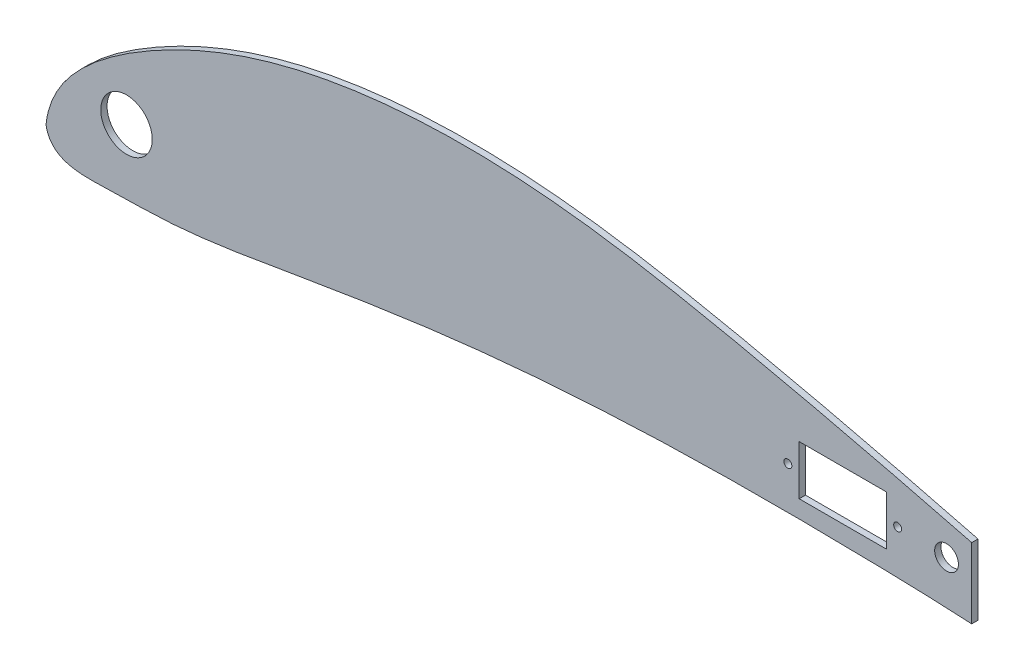
ISO-10303-21;
HEADER;
FILE_DESCRIPTION(('STEP AP214'),'2;1');
FILE_NAME('part.step','',(''),(''),'','','');
FILE_SCHEMA(('AUTOMOTIVE_DESIGN { 1 0 10303 214 1 1 1 1 }'));
ENDSEC;
DATA;
#1=APPLICATION_CONTEXT('core data for automotive mechanical design processes');
#2=APPLICATION_PROTOCOL_DEFINITION('international standard','automotive_design',2000,#1);
#3=PRODUCT_CONTEXT('',#1,'mechanical');
#4=PRODUCT('Part','Part','',(#3));
#5=PRODUCT_RELATED_PRODUCT_CATEGORY('part','',(#4));
#6=PRODUCT_DEFINITION_FORMATION('','',#4);
#7=PRODUCT_DEFINITION_CONTEXT('part definition',#1,'design');
#8=PRODUCT_DEFINITION('design','',#6,#7);
#9=PRODUCT_DEFINITION_SHAPE('','',#8);
#10=(LENGTH_UNIT() NAMED_UNIT(*) SI_UNIT(.MILLI.,.METRE.));
#11=(NAMED_UNIT(*) PLANE_ANGLE_UNIT() SI_UNIT($,.RADIAN.));
#12=(NAMED_UNIT(*) SI_UNIT($,.STERADIAN.) SOLID_ANGLE_UNIT());
#13=UNCERTAINTY_MEASURE_WITH_UNIT(LENGTH_MEASURE(1.E-05),#10,'distance_accuracy_value','');
#14=(GEOMETRIC_REPRESENTATION_CONTEXT(3) GLOBAL_UNCERTAINTY_ASSIGNED_CONTEXT((#13)) GLOBAL_UNIT_ASSIGNED_CONTEXT((#10,
#11,#12)) REPRESENTATION_CONTEXT('',''));
#15=CARTESIAN_POINT('',(0.,0.,0.));
#16=DIRECTION('',(0.,0.,1.));
#17=DIRECTION('',(1.,0.,0.));
#18=AXIS2_PLACEMENT_3D('',#15,#16,#17);
#19=CARTESIAN_POINT('',(0.000560351162113587,0.000130087070423624,1.5875));
#20=CARTESIAN_POINT('',(1.23071418869678,-6.92407609127206,1.5875));
#21=CARTESIAN_POINT('',(15.3166033306834,-6.18906584099094,1.5875));
#22=CARTESIAN_POINT('',(36.4546728163185,-6.09849990105009,1.5875));
#23=CARTESIAN_POINT('',(66.5061971849192,-0.586669106973501,1.5875));
#24=CARTESIAN_POINT('',(110.497331171581,6.18149522271792,1.5875));
#25=CARTESIAN_POINT('',(157.718638091679,9.03065014873911,1.5875));
#26=CARTESIAN_POINT('',(205.10142463584,8.83808028186313,1.5875));
#27=CARTESIAN_POINT('',(235.858814759408,7.87030619247826,1.5875));
#28=CARTESIAN_POINT('',(260.846344817159,5.42741339404395,1.5875));
#29=CARTESIAN_POINT('',(276.264022989737,4.51435670375389,1.5875));
#30=CARTESIAN_POINT('',(293.989507544058,2.09398731346533,1.5875));
#31=CARTESIAN_POINT('',(303.956832564589,1.47095520994628,1.5875));
#32=CARTESIAN_POINT('',(309.846313894505,0.000130087070423666,1.5875));
#33=B_SPLINE_CURVE_WITH_KNOTS('',3,(#19,#20,#21,#22,#23,#24,#25,#26,#27,#28,#29,#30,#31,#32),
.UNSPECIFIED.,.F.,.F.,(4,1,1,1,1,1,1,1,1,1,1,4),(0.,0.0569078595717698,0.106482711504673,
0.214488052979465,0.341297688349143,0.535095665520157,0.664680853556909,0.794660698192775,
0.828978881532905,0.904725108725214,0.942212919019968,1.),.UNSPECIFIED.);
#34=DIRECTION('',(0.,0.,-1.));
#35=VECTOR('',#34,1.);
#36=SURFACE_OF_LINEAR_EXTRUSION('',#33,#35);
#37=DIRECTION('',(0.,0.,-1.));
#38=VECTOR('',#37,1.);
#39=CARTESIAN_POINT('',(233.646313894505,7.69052977092525,1.5875));
#40=LINE('',#39,#38);
#41=CARTESIAN_POINT('',(233.646313894505,7.69052977146896,1.5875));
#42=VERTEX_POINT('',#41);
#43=CARTESIAN_POINT('',(233.646313884782,7.69052977146896,0.));
#44=VERTEX_POINT('',#43);
#45=EDGE_CURVE('E160',#42,#44,#40,.T.);
#46=ORIENTED_EDGE('',*,*,#45,.F.);
#47=CARTESIAN_POINT('',(0.000560351162116727,0.000130087070423829,1.5875));
#48=VERTEX_POINT('',#47);
#49=EDGE_CURVE('E179',#48,#42,#33,.T.);
#50=ORIENTED_EDGE('',*,*,#49,.F.);
#51=DIRECTION('',(0.,0.,-1.));
#52=VECTOR('',#51,1.);
#53=CARTESIAN_POINT('',(0.000560351162116727,0.000130087070423829,1.5875));
#54=LINE('',#53,#52);
#55=CARTESIAN_POINT('',(0.000560351162116727,0.000130087070423829,0.));
#56=VERTEX_POINT('',#55);
#57=EDGE_CURVE('E50',#48,#56,#54,.T.);
#58=ORIENTED_EDGE('',*,*,#57,.T.);
#59=CARTESIAN_POINT('',(0.000560351162113587,0.000130087070423624,0.));
#60=CARTESIAN_POINT('',(1.23071418869678,-6.92407609127206,0.));
#61=CARTESIAN_POINT('',(15.3166033306834,-6.18906584099094,0.));
#62=CARTESIAN_POINT('',(36.4546728163185,-6.09849990105009,0.));
#63=CARTESIAN_POINT('',(66.5061971849192,-0.586669106973501,0.));
#64=CARTESIAN_POINT('',(110.497331171581,6.18149522271792,0.));
#65=CARTESIAN_POINT('',(157.718638091679,9.03065014873911,0.));
#66=CARTESIAN_POINT('',(205.10142463584,8.83808028186313,0.));
#67=CARTESIAN_POINT('',(235.858814759408,7.87030619247826,0.));
#68=CARTESIAN_POINT('',(260.846344817159,5.42741339404395,0.));
#69=CARTESIAN_POINT('',(276.264022989737,4.51435670375389,0.));
#70=CARTESIAN_POINT('',(293.989507544058,2.09398731346533,0.));
#71=CARTESIAN_POINT('',(303.956832564589,1.47095520994628,0.));
#72=CARTESIAN_POINT('',(309.846313894505,0.000130087070423666,0.));
#73=B_SPLINE_CURVE_WITH_KNOTS('',3,(#59,#60,#61,#62,#63,#64,#65,#66,#67,#68,#69,#70,#71,#72),
.UNSPECIFIED.,.F.,.F.,(4,1,1,1,1,1,1,1,1,1,1,4),(0.,0.0569078595717698,0.106482711504673,
0.214488052979465,0.341297688349143,0.535095665520157,0.664680853556909,0.794660698192775,
0.828978881532905,0.904725108725214,0.942212919019968,1.),.UNSPECIFIED.);
#74=EDGE_CURVE('E168',#56,#44,#73,.T.);
#75=ORIENTED_EDGE('',*,*,#74,.T.);
#76=EDGE_LOOP('',(#46,#50,#58,#75));
#77=FACE_BOUND('',#76,.T.);
#78=ADVANCED_FACE('F41',(#77),#36,.F.);
#79=CARTESIAN_POINT('',(309.846313894505,0.000130087070423864,1.5875));
#80=CARTESIAN_POINT('',(314.816918223261,-0.51620674157964,1.5875));
#81=CARTESIAN_POINT('',(301.273197720551,4.38282813873556,1.5875));
#82=CARTESIAN_POINT('',(290.359837670022,8.71099439045776,1.5875));
#83=CARTESIAN_POINT('',(256.952064400645,19.5289209482833,1.5875));
#84=CARTESIAN_POINT('',(217.961060472083,29.6129748944238,1.5875));
#85=CARTESIAN_POINT('',(173.256699242147,40.0411042779434,1.5875));
#86=CARTESIAN_POINT('',(131.400792108858,47.8848319151037,1.5875));
#87=CARTESIAN_POINT('',(89.5976184754884,49.290763053775,1.5875));
#88=CARTESIAN_POINT('',(52.1111282710831,42.0692152748914,1.5875));
#89=CARTESIAN_POINT('',(26.2867198183782,29.9751763284633,1.5875));
#90=CARTESIAN_POINT('',(8.64909202481883,17.8566051741579,1.5875));
#91=CARTESIAN_POINT('',(0.810633126632263,7.35919605469637,1.5875));
#92=CARTESIAN_POINT('',(0.000560351162116727,0.000130087070423829,1.5875));
#93=B_SPLINE_CURVE_WITH_KNOTS('',3,(#79,#80,#81,#82,#83,#84,#85,#86,#87,#88,#89,#90,#91,#92),
.UNSPECIFIED.,.F.,.F.,(4,1,1,1,1,1,1,1,1,1,1,4),(0.,0.0239417713693992,0.070244030177139,
0.147561721425381,0.308455887006792,0.442387865106874,0.551517565626309,0.687091076796298,
0.811391258419108,0.886311735305172,0.939136382225768,1.),.UNSPECIFIED.);
#94=DIRECTION('',(0.,0.,-1.));
#95=VECTOR('',#94,1.);
#96=SURFACE_OF_LINEAR_EXTRUSION('',#93,#95);
#97=DIRECTION('',(0.,0.,-1.));
#98=VECTOR('',#97,1.);
#99=CARTESIAN_POINT('',(233.646313894505,25.4527523940641,1.5875));
#100=LINE('',#99,#98);
#101=CARTESIAN_POINT('',(233.646313894505,25.4527523915985,0.));
#102=VERTEX_POINT('',#101);
#103=CARTESIAN_POINT('',(233.646313894505,25.4527523915985,1.5875));
#104=VERTEX_POINT('',#103);
#105=EDGE_CURVE('E157',#102,#104,#100,.F.);
#106=ORIENTED_EDGE('',*,*,#105,.F.);
#107=CARTESIAN_POINT('',(309.846313894505,0.000130087070423864,0.));
#108=CARTESIAN_POINT('',(314.816918223261,-0.51620674157964,0.));
#109=CARTESIAN_POINT('',(301.273197720551,4.38282813873556,0.));
#110=CARTESIAN_POINT('',(290.359837670022,8.71099439045776,0.));
#111=CARTESIAN_POINT('',(256.952064400645,19.5289209482833,0.));
#112=CARTESIAN_POINT('',(217.961060472083,29.6129748944238,0.));
#113=CARTESIAN_POINT('',(173.256699242147,40.0411042779434,0.));
#114=CARTESIAN_POINT('',(131.400792108858,47.8848319151037,0.));
#115=CARTESIAN_POINT('',(89.5976184754884,49.290763053775,0.));
#116=CARTESIAN_POINT('',(52.1111282710831,42.0692152748914,0.));
#117=CARTESIAN_POINT('',(26.2867198183782,29.9751763284633,0.));
#118=CARTESIAN_POINT('',(8.64909202481883,17.8566051741579,0.));
#119=CARTESIAN_POINT('',(0.810633126632263,7.35919605469637,0.));
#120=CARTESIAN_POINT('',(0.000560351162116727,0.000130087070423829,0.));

- WHAT YOU WILL DO -
Each line in the listing above that contains "mechanical" should be copied.

- SOLUTION BELOW -
#1=APPLICATION_CONTEXT('core data for automotive mechanical design processes');
#3=PRODUCT_CONTEXT('',#1,'mechanical');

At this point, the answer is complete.